Preaching through Paul saved me in my first call, first church. In the years to come I would struggle with the very letters that freed me. Today, most of what Paul wrote is not my taste. Lot of what he said to the churches should be taken with a grain of salt. But he was not the only thing that saved me in those first years. There was another moment of salvation.
The other moment of profound change that came over me was a real surprise. That a young pastor would be changed by reading the Apostle Paul is not shocking. Pretty famous club of folks who did just that. This is almost expected. What was not expected was that somehow I stumbled upon the writings of Norman Vincent Peale. I devoured them. Thought long and hard about Norman Vincent Peale. Mostly, I became convinced that his great insight, his key message running through all he wrote, was this: the good news is good, the good is a life of joy, and this joy is found by those who believe and strive to live it.
I can distinctly remember my fellow pastors and former classmates ridiculing me for my enjoyment of the Power of Positive Thinking. How can you read such rubbish? Have you lost your mind? There is nothing like good friends.
But in a way I had lost my mind. I lost the mind convinced that faith was being serious, faith was lived by tearing everything apart, ready to refute, to leave no stone of falsity unturned. I lost that mind and a new mind was born.
The birth of the new mind was really a moment when I considered to whom Norman Vincent Peale was writing. The real birth for me, a positive appeal, was when I could see the faces he could see. I could see what the young father beaten down; the young mother left to raise children on her own. I could see what he saw: the weight crushing people. Debt, fear, abuse, addiction, all types of suffering weighing hard on shoulders bowing heads in shame. I could see them and that was what changed me. For I knew, believed, trusted, all my serious pursuits, all my critical thinking and academic posturing would never lift one head, ease one broken heart, offer love to any soul languishing.
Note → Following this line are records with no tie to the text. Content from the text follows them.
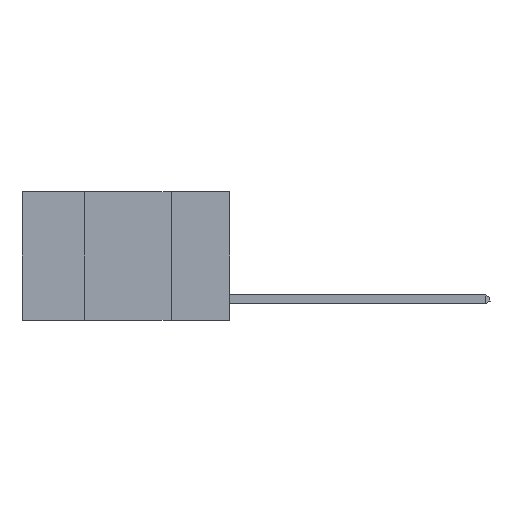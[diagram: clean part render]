
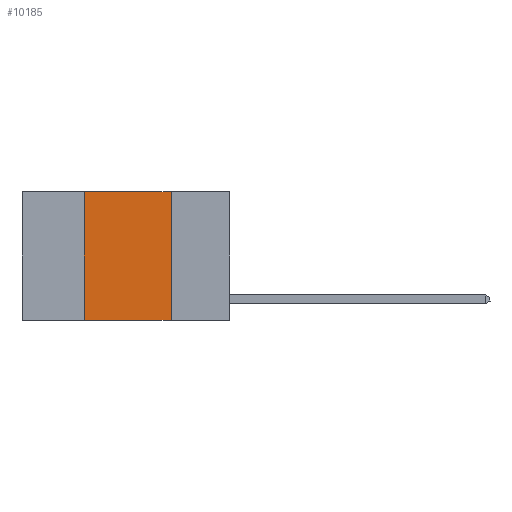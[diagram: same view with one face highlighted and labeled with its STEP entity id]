
A CAD part, left-side view. The second image highlights one B-rep face of the part: STEP entity #10185.
In plain terms, the highlighted planar face has unit normal (-1, 0, 0).
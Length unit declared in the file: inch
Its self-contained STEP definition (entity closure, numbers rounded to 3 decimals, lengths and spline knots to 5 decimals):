
#8 = EDGE_CURVE ( 'NONE', #5346, #11417, #8033, .T. ) ;
#34 = CARTESIAN_POINT ( 'NONE',  ( 0., 0.6, 0. ) ) ;
#246 = VERTEX_POINT ( 'NONE', #8953 ) ;
#1928 = DIRECTION ( 'NONE',  ( 0., 0., -1. ) ) ;
#2863 = EDGE_CURVE ( 'NONE', #11417, #246, #10445, .T. ) ;
#3243 = VECTOR ( 'NONE', #11535, 39.37008 ) ;
#3309 = CARTESIAN_POINT ( 'NONE',  ( 0., 0.6, -0.37 ) ) ;
#3757 = DIRECTION ( 'NONE',  ( 0., -1., 0. ) ) ;
#4071 = DIRECTION ( 'NONE',  ( 0., -1., 0. ) ) ;
#4111 = CARTESIAN_POINT ( 'NONE',  ( 0., 0.42, 0. ) ) ;
#4354 = ORIENTED_EDGE ( 'NONE', *, *, #8, .F. ) ;
#4372 = VECTOR ( 'NONE', #4071, 39.37008 ) ;
#4503 = ORIENTED_EDGE ( 'NONE', *, *, #2863, .F. ) ;
#5346 = VERTEX_POINT ( 'NONE', #4111 ) ;
#5452 = CARTESIAN_POINT ( 'NONE',  ( 0., 0.42, -0.37 ) ) ;
#6003 = FACE_OUTER_BOUND ( 'NONE', #12954, .T. ) ;
#6463 = EDGE_CURVE ( 'NONE', #12376, #5346, #12550, .T. ) ;
#6870 = DIRECTION ( 'NONE',  ( 1., 0., 0. ) ) ;
#7514 = CARTESIAN_POINT ( 'NONE',  ( 0., 0.42, 0. ) ) ;
#8033 = LINE ( 'NONE', #12811, #11759 ) ;
#8554 = CARTESIAN_POINT ( 'NONE',  ( 0., 0.17, 0. ) ) ;
#8692 = AXIS2_PLACEMENT_3D ( 'NONE', #34, #6870, #1928 ) ;
#8744 = DIRECTION ( 'NONE',  ( 0., 0., -1. ) ) ;
#8953 = CARTESIAN_POINT ( 'NONE',  ( 0., 0.17, -0.37 ) ) ;
#9063 = PLANE ( 'NONE',  #8692 ) ;
#9516 = CARTESIAN_POINT ( 'NONE',  ( 0., 0.17, 0. ) ) ;
#9982 = ORIENTED_EDGE ( 'NONE', *, *, #10661, .T. ) ;
#10185 = ADVANCED_FACE ( 'NONE', ( #6003 ), #9063, .F. ) ;
#10344 = VECTOR ( 'NONE', #8744, 39.37008 ) ;
#10445 = LINE ( 'NONE', #8554, #10344 ) ;
#10661 = EDGE_CURVE ( 'NONE', #12376, #246, #12140, .T. ) ;
#11083 = ORIENTED_EDGE ( 'NONE', *, *, #6463, .F. ) ;
#11417 = VERTEX_POINT ( 'NONE', #9516 ) ;
#11535 = DIRECTION ( 'NONE',  ( 0., 0., 1. ) ) ;
#11759 = VECTOR ( 'NONE', #3757, 39.37008 ) ;
#12140 = LINE ( 'NONE', #3309, #4372 ) ;
#12376 = VERTEX_POINT ( 'NONE', #5452 ) ;
#12550 = LINE ( 'NONE', #7514, #3243 ) ;
#12811 = CARTESIAN_POINT ( 'NONE',  ( 0., 0.6, 0. ) ) ;
#12954 = EDGE_LOOP ( 'NONE', ( #4503, #4354, #11083, #9982 ) ) ;
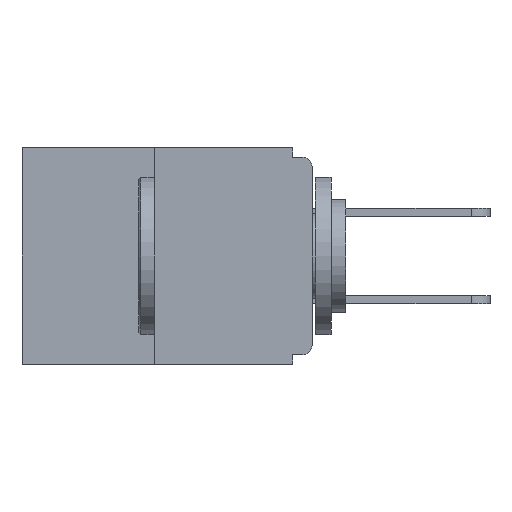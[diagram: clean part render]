
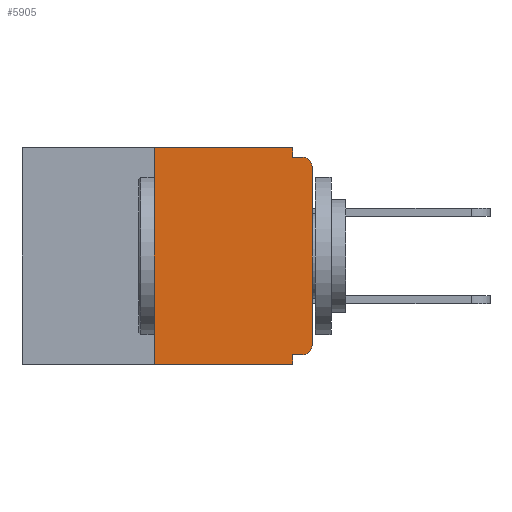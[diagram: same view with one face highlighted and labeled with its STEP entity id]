
A CAD part, left-side view. The second image highlights one B-rep face of the part: STEP entity #5905.
In plain terms, the highlighted planar face has unit normal (-1, 0, 0).
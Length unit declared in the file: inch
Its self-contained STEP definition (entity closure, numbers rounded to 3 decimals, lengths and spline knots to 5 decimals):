
#140 = EDGE_CURVE ( 'NONE', #3679, #8468, #13204, .T. ) ;
#193 = CARTESIAN_POINT ( 'NONE',  ( 0., 0., -0.015 ) ) ;
#371 = VECTOR ( 'NONE', #3378, 39.37008 ) ;
#623 = DIRECTION ( 'NONE',  ( 0., 0., -1. ) ) ;
#926 = CIRCLE ( 'NONE', #19908, 0.015 ) ;
#1070 = LINE ( 'NONE', #10258, #14406 ) ;
#2011 = LINE ( 'NONE', #6658, #371 ) ;
#2354 = VERTEX_POINT ( 'NONE', #5045 ) ;
#2776 = ORIENTED_EDGE ( 'NONE', *, *, #6338, .F. ) ;
#3079 = AXIS2_PLACEMENT_3D ( 'NONE', #13590, #11618, #15422 ) ;
#3220 = VECTOR ( 'NONE', #18467, 39.37008 ) ;
#3337 = DIRECTION ( 'NONE',  ( 0., 0., -1. ) ) ;
#3378 = DIRECTION ( 'NONE',  ( 0., 0., 1. ) ) ;
#3679 = VERTEX_POINT ( 'NONE', #5496 ) ;
#3802 = CARTESIAN_POINT ( 'NONE',  ( 0., 0.015, -0.313 ) ) ;
#3938 = ORIENTED_EDGE ( 'NONE', *, *, #9955, .F. ) ;
#4009 = LINE ( 'NONE', #13751, #11592 ) ;
#4143 = CARTESIAN_POINT ( 'NONE',  ( 0., 0.015, -0.03 ) ) ;
#4748 = VERTEX_POINT ( 'NONE', #17141 ) ;
#4942 = PLANE ( 'NONE',  #3079 ) ;
#5045 = CARTESIAN_POINT ( 'NONE',  ( 0., 0.031, -0.328 ) ) ;
#5365 = EDGE_CURVE ( 'NONE', #21385, #8072, #17113, .T. ) ;
#5496 = CARTESIAN_POINT ( 'NONE',  ( 0., 0.031, -0.015 ) ) ;
#5677 = DIRECTION ( 'NONE',  ( 0., -1., 0. ) ) ;
#5692 = CARTESIAN_POINT ( 'NONE',  ( 0., 0.25, 0. ) ) ;
#5905 = ADVANCED_FACE ( 'NONE', ( #8911 ), #4942, .F. ) ;
#6231 = ORIENTED_EDGE ( 'NONE', *, *, #11970, .T. ) ;
#6271 = VERTEX_POINT ( 'NONE', #11995 ) ;
#6338 = EDGE_CURVE ( 'NONE', #4748, #2354, #4009, .T. ) ;
#6658 = CARTESIAN_POINT ( 'NONE',  ( 0., 0., 0. ) ) ;
#6748 = DIRECTION ( 'NONE',  ( 0., -1., 0. ) ) ;
#7916 = DIRECTION ( 'NONE',  ( -1., 0., 0. ) ) ;
#7961 = VECTOR ( 'NONE', #19257, 39.37008 ) ;
#8057 = LINE ( 'NONE', #18848, #15130 ) ;
#8072 = VERTEX_POINT ( 'NONE', #21750 ) ;
#8468 = VERTEX_POINT ( 'NONE', #18486 ) ;
#8482 = LINE ( 'NONE', #17601, #7961 ) ;
#8661 = ORIENTED_EDGE ( 'NONE', *, *, #140, .F. ) ;
#8911 = FACE_OUTER_BOUND ( 'NONE', #17834, .T. ) ;
#9656 = CIRCLE ( 'NONE', #17967, 0.015 ) ;
#9955 = EDGE_CURVE ( 'NONE', #13693, #21385, #8482, .T. ) ;
#10258 = CARTESIAN_POINT ( 'NONE',  ( 0., 0.46, -0.343 ) ) ;
#10788 = DIRECTION ( 'NONE',  ( 0., 0., -1. ) ) ;
#11592 = VECTOR ( 'NONE', #20521, 39.37008 ) ;
#11618 = DIRECTION ( 'NONE',  ( 1., 0., 0. ) ) ;
#11746 = ORIENTED_EDGE ( 'NONE', *, *, #18033, .F. ) ;
#11970 = EDGE_CURVE ( 'NONE', #13693, #19267, #1070, .T. ) ;
#11995 = CARTESIAN_POINT ( 'NONE',  ( 0., 0., -0.313 ) ) ;
#13204 = LINE ( 'NONE', #193, #19174 ) ;
#13315 = VERTEX_POINT ( 'NONE', #16466 ) ;
#13590 = CARTESIAN_POINT ( 'NONE',  ( 0., 0.46, 0. ) ) ;
#13693 = VERTEX_POINT ( 'NONE', #14755 ) ;
#13751 = CARTESIAN_POINT ( 'NONE',  ( 0., 0., -0.328 ) ) ;
#14406 = VECTOR ( 'NONE', #6748, 39.37008 ) ;
#14755 = CARTESIAN_POINT ( 'NONE',  ( 0., 0.25, -0.343 ) ) ;
#14826 = CARTESIAN_POINT ( 'NONE',  ( 0., 0.46, 0. ) ) ;
#14912 = ORIENTED_EDGE ( 'NONE', *, *, #18117, .T. ) ;
#15130 = VECTOR ( 'NONE', #3337, 39.37008 ) ;
#15422 = DIRECTION ( 'NONE',  ( 0., 0., -1. ) ) ;
#15484 = VECTOR ( 'NONE', #623, 39.37008 ) ;
#16466 = CARTESIAN_POINT ( 'NONE',  ( 0., 0., -0.03 ) ) ;
#16654 = ORIENTED_EDGE ( 'NONE', *, *, #16710, .F. ) ;
#16710 = EDGE_CURVE ( 'NONE', #8072, #3679, #21199, .T. ) ;
#17113 = LINE ( 'NONE', #14826, #3220 ) ;
#17141 = CARTESIAN_POINT ( 'NONE',  ( 0., 0.015, -0.328 ) ) ;
#17601 = CARTESIAN_POINT ( 'NONE',  ( 0., 0.25, 0. ) ) ;
#17834 = EDGE_LOOP ( 'NONE', ( #22107, #3938, #6231, #11746, #2776, #14912, #21897, #20001, #8661, #16654 ) ) ;
#17967 = AXIS2_PLACEMENT_3D ( 'NONE', #3802, #20961, #10788 ) ;
#18033 = EDGE_CURVE ( 'NONE', #2354, #19267, #8057, .T. ) ;
#18041 = CARTESIAN_POINT ( 'NONE',  ( 0., 0.031, 0. ) ) ;
#18117 = EDGE_CURVE ( 'NONE', #4748, #6271, #9656, .T. ) ;
#18467 = DIRECTION ( 'NONE',  ( 0., -1., 0. ) ) ;
#18486 = CARTESIAN_POINT ( 'NONE',  ( 0., 0.015, -0.015 ) ) ;
#18848 = CARTESIAN_POINT ( 'NONE',  ( 0., 0.031, -0.343 ) ) ;
#19174 = VECTOR ( 'NONE', #5677, 39.37008 ) ;
#19257 = DIRECTION ( 'NONE',  ( 0., 0., 1. ) ) ;
#19267 = VERTEX_POINT ( 'NONE', #21502 ) ;
#19908 = AXIS2_PLACEMENT_3D ( 'NONE', #4143, #7916, #21543 ) ;
#20001 = ORIENTED_EDGE ( 'NONE', *, *, #20373, .T. ) ;
#20281 = EDGE_CURVE ( 'NONE', #6271, #13315, #2011, .T. ) ;
#20373 = EDGE_CURVE ( 'NONE', #13315, #8468, #926, .T. ) ;
#20521 = DIRECTION ( 'NONE',  ( 0., 1., 0. ) ) ;
#20961 = DIRECTION ( 'NONE',  ( -1., 0., 0. ) ) ;
#21199 = LINE ( 'NONE', #18041, #15484 ) ;
#21385 = VERTEX_POINT ( 'NONE', #5692 ) ;
#21502 = CARTESIAN_POINT ( 'NONE',  ( 0., 0.031, -0.343 ) ) ;
#21543 = DIRECTION ( 'NONE',  ( 0., 0., -1. ) ) ;
#21750 = CARTESIAN_POINT ( 'NONE',  ( 0., 0.031, 0. ) ) ;
#21897 = ORIENTED_EDGE ( 'NONE', *, *, #20281, .T. ) ;
#22107 = ORIENTED_EDGE ( 'NONE', *, *, #5365, .F. ) ;
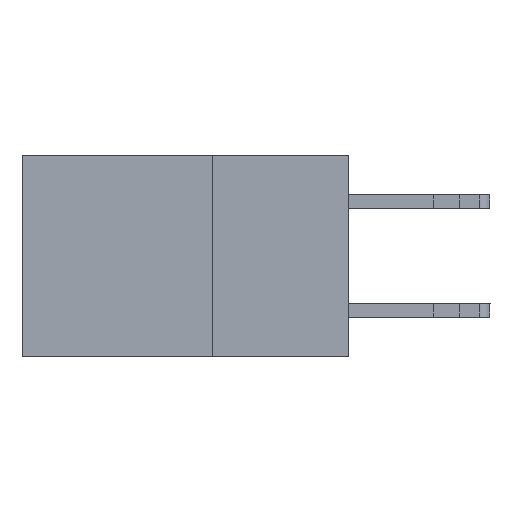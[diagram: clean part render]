
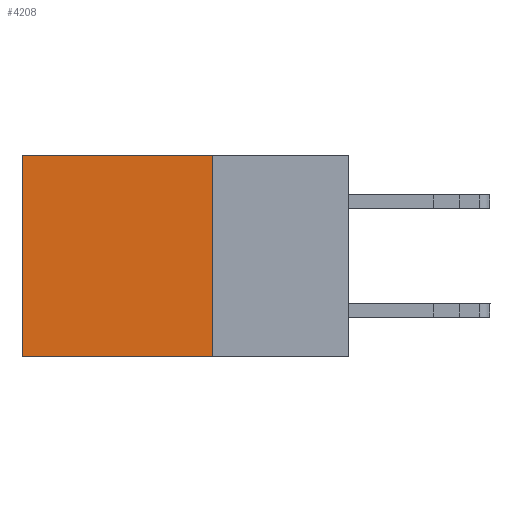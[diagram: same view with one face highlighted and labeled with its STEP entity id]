
A CAD part, left-side view. The second image highlights one B-rep face of the part: STEP entity #4208.
In plain terms, the highlighted planar face has unit normal (-1, 0, 0).
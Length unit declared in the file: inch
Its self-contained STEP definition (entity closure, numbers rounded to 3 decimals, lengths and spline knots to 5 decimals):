
#398 = VECTOR ( 'NONE', #11511, 39.37008 ) ;
#681 = LINE ( 'NONE', #4013, #11677 ) ;
#766 = AXIS2_PLACEMENT_3D ( 'NONE', #2857, #6697, #1908 ) ;
#1026 = LINE ( 'NONE', #2372, #11263 ) ;
#1145 = LINE ( 'NONE', #8559, #398 ) ;
#1260 = VECTOR ( 'NONE', #2558, 39.37008 ) ;
#1908 = DIRECTION ( 'NONE',  ( 0., 0., -1. ) ) ;
#2372 = CARTESIAN_POINT ( 'NONE',  ( 0.298, 0.25, -0.37 ) ) ;
#2516 = VERTEX_POINT ( 'NONE', #2831 ) ;
#2558 = DIRECTION ( 'NONE',  ( 0., 1., 0. ) ) ;
#2831 = CARTESIAN_POINT ( 'NONE',  ( 0.298, 0.6, -0.37 ) ) ;
#2857 = CARTESIAN_POINT ( 'NONE',  ( 0.298, 0.25, 0. ) ) ;
#3596 = DIRECTION ( 'NONE',  ( 0., 0., -1. ) ) ;
#3635 = LINE ( 'NONE', #8208, #1260 ) ;
#4013 = CARTESIAN_POINT ( 'NONE',  ( 0.298, 0.25, 0. ) ) ;
#4208 = ADVANCED_FACE ( 'NONE', ( #8084 ), #6654, .F. ) ;
#4592 = EDGE_CURVE ( 'NONE', #12347, #2516, #1026, .T. ) ;
#4602 = VERTEX_POINT ( 'NONE', #7118 ) ;
#6105 = ORIENTED_EDGE ( 'NONE', *, *, #7126, .T. ) ;
#6654 = PLANE ( 'NONE',  #766 ) ;
#6697 = DIRECTION ( 'NONE',  ( 1., 0., 0. ) ) ;
#7073 = ORIENTED_EDGE ( 'NONE', *, *, #10608, .T. ) ;
#7118 = CARTESIAN_POINT ( 'NONE',  ( 0.298, 0.6, 0. ) ) ;
#7126 = EDGE_CURVE ( 'NONE', #12132, #4602, #3635, .T. ) ;
#7337 = ORIENTED_EDGE ( 'NONE', *, *, #4592, .F. ) ;
#8002 = CARTESIAN_POINT ( 'NONE',  ( 0.298, 0.25, -0.37 ) ) ;
#8084 = FACE_OUTER_BOUND ( 'NONE', #11631, .T. ) ;
#8208 = CARTESIAN_POINT ( 'NONE',  ( 0.298, 0.25, 0. ) ) ;
#8413 = CARTESIAN_POINT ( 'NONE',  ( 0.298, 0.25, 0. ) ) ;
#8559 = CARTESIAN_POINT ( 'NONE',  ( 0.298, 0.6, 0. ) ) ;
#8994 = DIRECTION ( 'NONE',  ( 0., 1., 0. ) ) ;
#10403 = ORIENTED_EDGE ( 'NONE', *, *, #10803, .F. ) ;
#10608 = EDGE_CURVE ( 'NONE', #4602, #2516, #1145, .T. ) ;
#10803 = EDGE_CURVE ( 'NONE', #12132, #12347, #681, .T. ) ;
#11263 = VECTOR ( 'NONE', #8994, 39.37008 ) ;
#11511 = DIRECTION ( 'NONE',  ( 0., 0., -1. ) ) ;
#11631 = EDGE_LOOP ( 'NONE', ( #7073, #7337, #10403, #6105 ) ) ;
#11677 = VECTOR ( 'NONE', #3596, 39.37008 ) ;
#12132 = VERTEX_POINT ( 'NONE', #8413 ) ;
#12347 = VERTEX_POINT ( 'NONE', #8002 ) ;
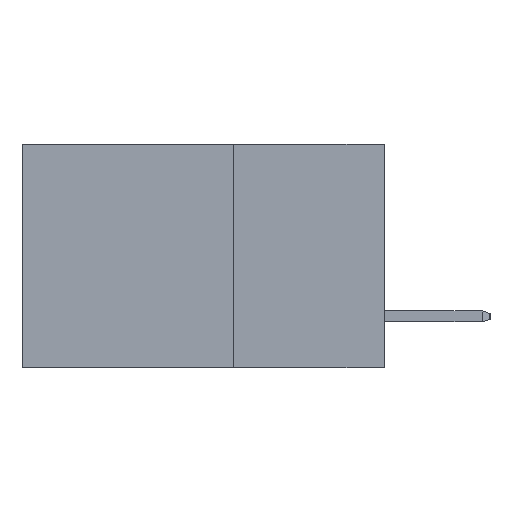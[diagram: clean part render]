
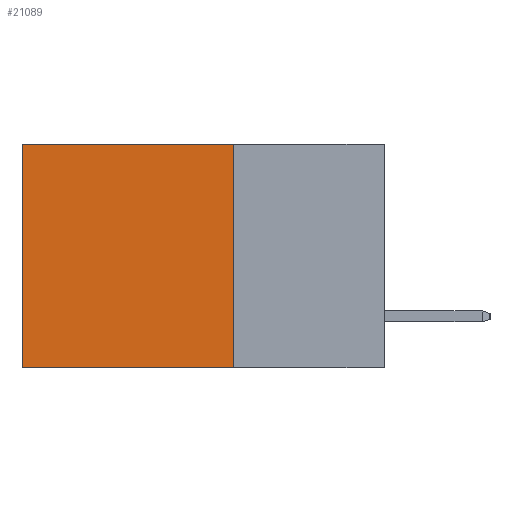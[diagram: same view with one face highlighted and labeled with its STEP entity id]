
A CAD part, left-side view. The second image highlights one B-rep face of the part: STEP entity #21089.
In plain terms, the highlighted planar face has unit normal (-1, 0, 0).
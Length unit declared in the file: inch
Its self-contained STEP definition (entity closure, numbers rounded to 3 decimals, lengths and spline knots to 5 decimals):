
#492 = VECTOR ( 'NONE', #16393, 39.37008 ) ;
#1649 = EDGE_CURVE ( 'NONE', #16338, #7240, #17489, .T. ) ;
#2053 = DIRECTION ( 'NONE',  ( 0., 0., -1. ) ) ;
#2082 = CARTESIAN_POINT ( 'NONE',  ( 0.298, 0.6, 0. ) ) ;
#2626 = EDGE_CURVE ( 'NONE', #7240, #4972, #5603, .T. ) ;
#2889 = ORIENTED_EDGE ( 'NONE', *, *, #3187, .T. ) ;
#3187 = EDGE_CURVE ( 'NONE', #14431, #4972, #22172, .T. ) ;
#3993 = CARTESIAN_POINT ( 'NONE',  ( 0.298, 0.25, -0.37 ) ) ;
#4972 = VERTEX_POINT ( 'NONE', #12431 ) ;
#5603 = LINE ( 'NONE', #22556, #492 ) ;
#5693 = CARTESIAN_POINT ( 'NONE',  ( 0.298, 0.25, 0. ) ) ;
#6262 = PLANE ( 'NONE',  #19470 ) ;
#7240 = VERTEX_POINT ( 'NONE', #3993 ) ;
#8800 = VECTOR ( 'NONE', #20842, 39.37008 ) ;
#8886 = DIRECTION ( 'NONE',  ( 0., 0., -1. ) ) ;
#9253 = ORIENTED_EDGE ( 'NONE', *, *, #15140, .T. ) ;
#9407 = LINE ( 'NONE', #5693, #8800 ) ;
#10066 = DIRECTION ( 'NONE',  ( 1., 0., 0. ) ) ;
#12431 = CARTESIAN_POINT ( 'NONE',  ( 0.298, 0.6, -0.37 ) ) ;
#12439 = VECTOR ( 'NONE', #8886, 39.37008 ) ;
#13788 = CARTESIAN_POINT ( 'NONE',  ( 0.298, 0.25, 0. ) ) ;
#13827 = VECTOR ( 'NONE', #2053, 39.37008 ) ;
#14431 = VERTEX_POINT ( 'NONE', #14904 ) ;
#14810 = CARTESIAN_POINT ( 'NONE',  ( 0.298, 0.25, 0. ) ) ;
#14904 = CARTESIAN_POINT ( 'NONE',  ( 0.298, 0.6, 0. ) ) ;
#15140 = EDGE_CURVE ( 'NONE', #16338, #14431, #9407, .T. ) ;
#16338 = VERTEX_POINT ( 'NONE', #21209 ) ;
#16393 = DIRECTION ( 'NONE',  ( 0., 1., 0. ) ) ;
#17489 = LINE ( 'NONE', #14810, #12439 ) ;
#18799 = EDGE_LOOP ( 'NONE', ( #2889, #23900, #24136, #9253 ) ) ;
#19470 = AXIS2_PLACEMENT_3D ( 'NONE', #13788, #10066, #23308 ) ;
#20842 = DIRECTION ( 'NONE',  ( 0., 1., 0. ) ) ;
#21089 = ADVANCED_FACE ( 'NONE', ( #23990 ), #6262, .F. ) ;
#21209 = CARTESIAN_POINT ( 'NONE',  ( 0.298, 0.25, 0. ) ) ;
#22172 = LINE ( 'NONE', #2082, #13827 ) ;
#22556 = CARTESIAN_POINT ( 'NONE',  ( 0.298, 0.25, -0.37 ) ) ;
#23308 = DIRECTION ( 'NONE',  ( 0., 0., -1. ) ) ;
#23900 = ORIENTED_EDGE ( 'NONE', *, *, #2626, .F. ) ;
#23990 = FACE_OUTER_BOUND ( 'NONE', #18799, .T. ) ;
#24136 = ORIENTED_EDGE ( 'NONE', *, *, #1649, .F. ) ;

Paul convinced me I could change. The mustard seed could be planted in me. If I kept to the path of humility, I too could become a house of freedom, where the birds of the air make their nests. Norman Vincent Peale convinced me how much we all need this change and how this change begins in a moment of hope, just a simple seed cast deep in us where we trust, I can walk unto freedom; I can find this path too. Faith is the path, a kind of surrendering to God, to hope, to joy mostly.
Many, many years, and degrees of education taught to think critically. Be serious. To let faith seek understanding. Just a few years in a church let me learn to live joyfully. Let faith seek good cheer. I became a lot less serious, but a lot happier.
There are people all around us, maybe even next to us, maybe even us, who are struggling to believe life can get better, we can live unto joy, be happy. That is the heart of power, the positive appeal of Norman Vincent Peale, you can live unto joy. You can be happy. The first step is believing you can.
The struggle to be free, to lay aside the weight that so easily entangles, the need to control that exhausts us: this is the yoke of sadness, the burden we needlessly carry. I say needlessly because there is no obstacle, no price to pay, no application fee for humility. Meekness is the open road Jesus bids all to walk with him. You just need to believe in the possibility of change.
Your life may be complicated, interwoven with stifling commitments and jumbled definitions and suffering from pride or self-loathing; you may be living with a verdict a diagnosis a pending divorce; you may be desperate and unconvinced life is going to become better. Fair enough. The yeast can ruin us. No denying that. Just a little bit of success, a little bit of money, little bit of power and we are ruined.
The kingdom of God is fragile, vulnerable, breakable.
And the kingdom of God is like a mustard seed. Your soul can be a house of freedom if you believe. Amen.